Mark Haddon wurde für seinen bezaubernd-genialen Roman "Supergute Tage oder Die sonderbare Welt des Christopher Boone" von Kritikern und Lesern zu Recht gefeiert. "Der wunde Punkt" ist weniger bezaubernd, ebenso ernsthaft und scheint, wenn einem das Thema nicht liegt, streckenweise fast belanglos. Man braucht unbedingt Zugang zu der Romanfigur George, sonst bleibt der Roman mit seinen Ehe- und Beziehungsproblemen fast mittelmäßig. George aber reißt alles heraus und hebt das Buch auf ein schmerzhaft-gutes Niveau. Die Beschreibung, wie der ältere Mann langsam ins Bodenlose fällt, ist schmerzlich und traurig. Vor allem eine seitenlange, sehr detaillierte Szene, in der George sich selbst verstümmelt, geht ans Herz und ist in ihrer Intensität kaum geeignet für Leute, die selbst mit Depressionen kämpfen. Die anderen Hauptpersonen - Katie, Jamie und Jean - sind nicht weniger gut beschrieben, bloß müssen sie hinter Georges raumgreifender Entwicklung zwangsweise etwas zurückstecken. Mark Haddon hat jedes Familienmitglied und seinen wunden Punkt ausgezeichnet charakterisiert. Er wechselt oft die Erzählperspektive und lässt den Leser so abwechselnd Kapitel für Kapitel am Seelenleben jeder einzelnen Person teilhaben. So wird unter anderem deutlich, wie unterschiedlich Sichtweisen von ein und derselben Sache sein können.
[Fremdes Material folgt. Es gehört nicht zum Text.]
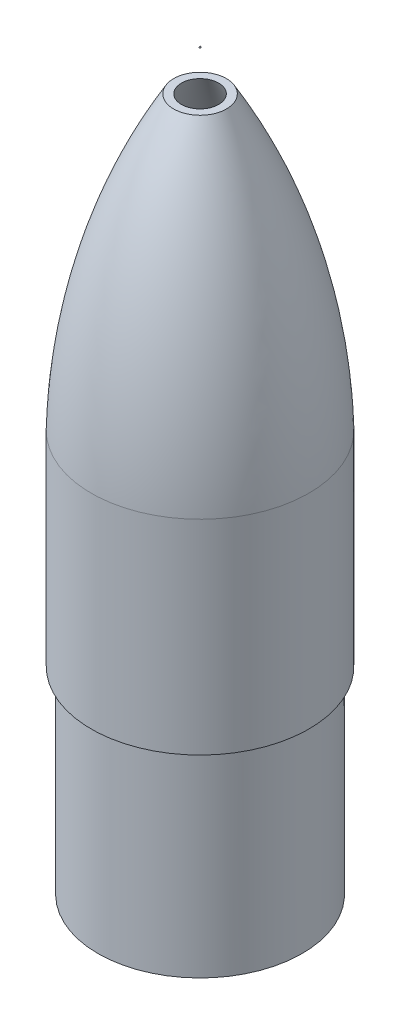
from build123d import *

# Parameters (mm, degrees)
BOSS_EXTRUDE1_START = -300
SKETCH2_R           = 76.2
SKETCH2_R_2         = 74.2
BOSS_EXTRUDE1_DEPTH = 300
SKETCH3_R           = 132.244783432
CUT_EXTRUDE1_DEPTH  = 30


with BuildPart() as part:
    # Sketch1 → Revolve3 (revolve)
    with BuildSketch(Plane.XY):
        with BuildLine():
            Line((81.2, -0.871238495), (81.2, 151.528761505))
            add(Edge.make_bspline(
                [(0, 400), (0.21512819, 399.690729707), (0.647250486, 399.067410681), (1.565845023, 397.737398682), (2.567932583, 396.271636658), (3.569477424, 394.794079547), (4.583341779, 393.286237082), (5.583513258, 391.78550571), (6.579194989, 390.278655925), (7.574319145, 388.759551188), (8.568689997, 387.22824247), (16.804798615, 374.432094359), (28.915617484, 353.69406513), (43.468930106, 324.277916737), (58.953588444, 283.709596797), (70.363256248, 243.72040023), (76.423129041, 210.995892043), (79.27772315, 185.760608329), (80.320266603, 171.031162239), (80.521504333, 167.817267665), (80.674774788, 165.072840404), (80.768770512, 163.259249979), (80.855079485, 161.455214612), (80.934151396, 159.653493097), (81.006375498, 157.837811408), (81.070645105, 156.054352063), (81.127543536, 154.278748614), (81.1716137, 152.663840286), (81.19097851, 151.905387082), (81.2, 151.528761505)],
                knots=[0.082616428, 0.082616428, 0.082616428, 0.082616428, 0.082616428, 0.088299706, 0.093982984, 0.099666263, 0.105349541, 0.111032819, 0.116716097, 0.122399375, 0.128082653, 0.133891142, 0.139699631, 0.313954311, 0.430124092, 0.546293874, 0.685697612, 0.836718331, 0.848335309, 0.865760775, 0.871569264, 0.877252541, 0.882935819, 0.888619096, 0.894302373, 0.899985651, 0.905668928, 0.911352205, 0.917035483, 0.917035483, 0.917035483, 0.917035483, 0.917035483], degree=4))
            Line((0, 400), (0, 391.140795975))
            add(Edge.make_bspline(
                [(0, 391.140795975), (0.17087675, 390.886464651), (1.104468707, 389.493929978), (2.778210635, 386.966525584), (7.241356886, 380.092401217), (16.565092798, 364.988167218), (34.852530416, 331.381875612), (55.616615418, 280.709649662), (68.791610905, 227.556738716), (73.884940397, 189.637359754), (75.282863635, 171.942411852), (75.741719179, 163.759208248), (75.901630193, 160.355534213), (75.997605755, 157.957419519), (76.047423596, 156.602074722), (76.082246172, 155.593689952), (76.115170602, 154.566456369), (76.148009519, 153.446282262), (76.173067448, 152.528243273), (76.189471697, 151.896709726), (76.196488087, 151.614100869), (76.2, 151.468648164)],
                knots=[0.105766306, 0.105766306, 0.105766306, 0.105766306, 0.108684888, 0.121719117, 0.134753347, 0.186890266, 0.291164104, 0.49971178, 0.708259456, 0.812533294, 0.864670213, 0.877704443, 0.890738673, 0.897255788, 0.900514345, 0.903772903, 0.90703146, 0.910290018, 0.913548575, 0.915177854, 0.916807132, 0.916807132, 0.916807132, 0.916807132], degree=3))
            Line((76.2, 151.468648164), (76.2, -0.871238495))
            Line((76.2, -0.871238495), (81.2, -0.871238495))
        make_face()
    revolve(axis=Axis((0, -198.817850362, 0), (0, -1, 0)))

    # Sketch2 → Boss-Extrude1 (add)
    with BuildSketch(Plane(origin=(0, 151.528761505, 0), x_dir=(1, 0, 0), z_dir=(0, 1, 0)).offset(BOSS_EXTRUDE1_START)):
        Circle(SKETCH2_R)
        Circle(SKETCH2_R_2, mode=Mode.SUBTRACT)
    extrude(amount=BOSS_EXTRUDE1_DEPTH)

    # Sketch3 → Cut-Extrude1 (cut)
    with BuildSketch(Plane(origin=(0, 399.128761505, 0), x_dir=(-1, 0, 0), z_dir=(0, -1, 0))):
        Circle(SKETCH3_R)
    extrude(amount=CUT_EXTRUDE1_DEPTH, mode=Mode.SUBTRACT)


with BuildPart() as cut_extrude1_piece_1:
    # of the separate pieces the step leaves, piece 1, a body of its own (cut_extrude1_pieces)
    add(part.part.solids().sort_by_distance((81.2, -0.871238495, 0))[0])


with BuildPart() as cut_extrude1_piece_2:
    # of the separate pieces the step leaves, piece 2, a body of its own (cut_extrude1_pieces)
    add(part.part.solids().sort_by_distance((0.604142294, 399.128761505, 0))[0])


solid = Compound([cut_extrude1_piece_1.part, cut_extrude1_piece_2.part])

"Der wunde Punkt" ist amüsant, traurig und durchgehend recht unterhaltsam; die Genialität und Frische von "Supergute Tage" geht dem Buch allerdings ab. Fairerweise muss gesagt werden, dass ein direkter Vergleich allein wegen der vollkommen unterschiedlichen Inhalte nicht funktioniert. Für sich betrachtet ist "Der wunde Punkt" ein gelungener, scharfsinniger Roman. Wer sich von den Themen angesprochen fühlt, die Mark Haddon anschneidet - Wendepunkte im Leben, Liebe, Beziehungen, Lebensplanung, Angst, Schuld und Vergebung - wird das Buch sicherlich mögen, auch Freunde von typisch britischem Humor kommen auf ihre Kosten. Wer jedoch einen zweiten schriftstellerischen Coup im Stil von "Supergute Tage" erwartet, der wird vielleicht enttäuscht sein.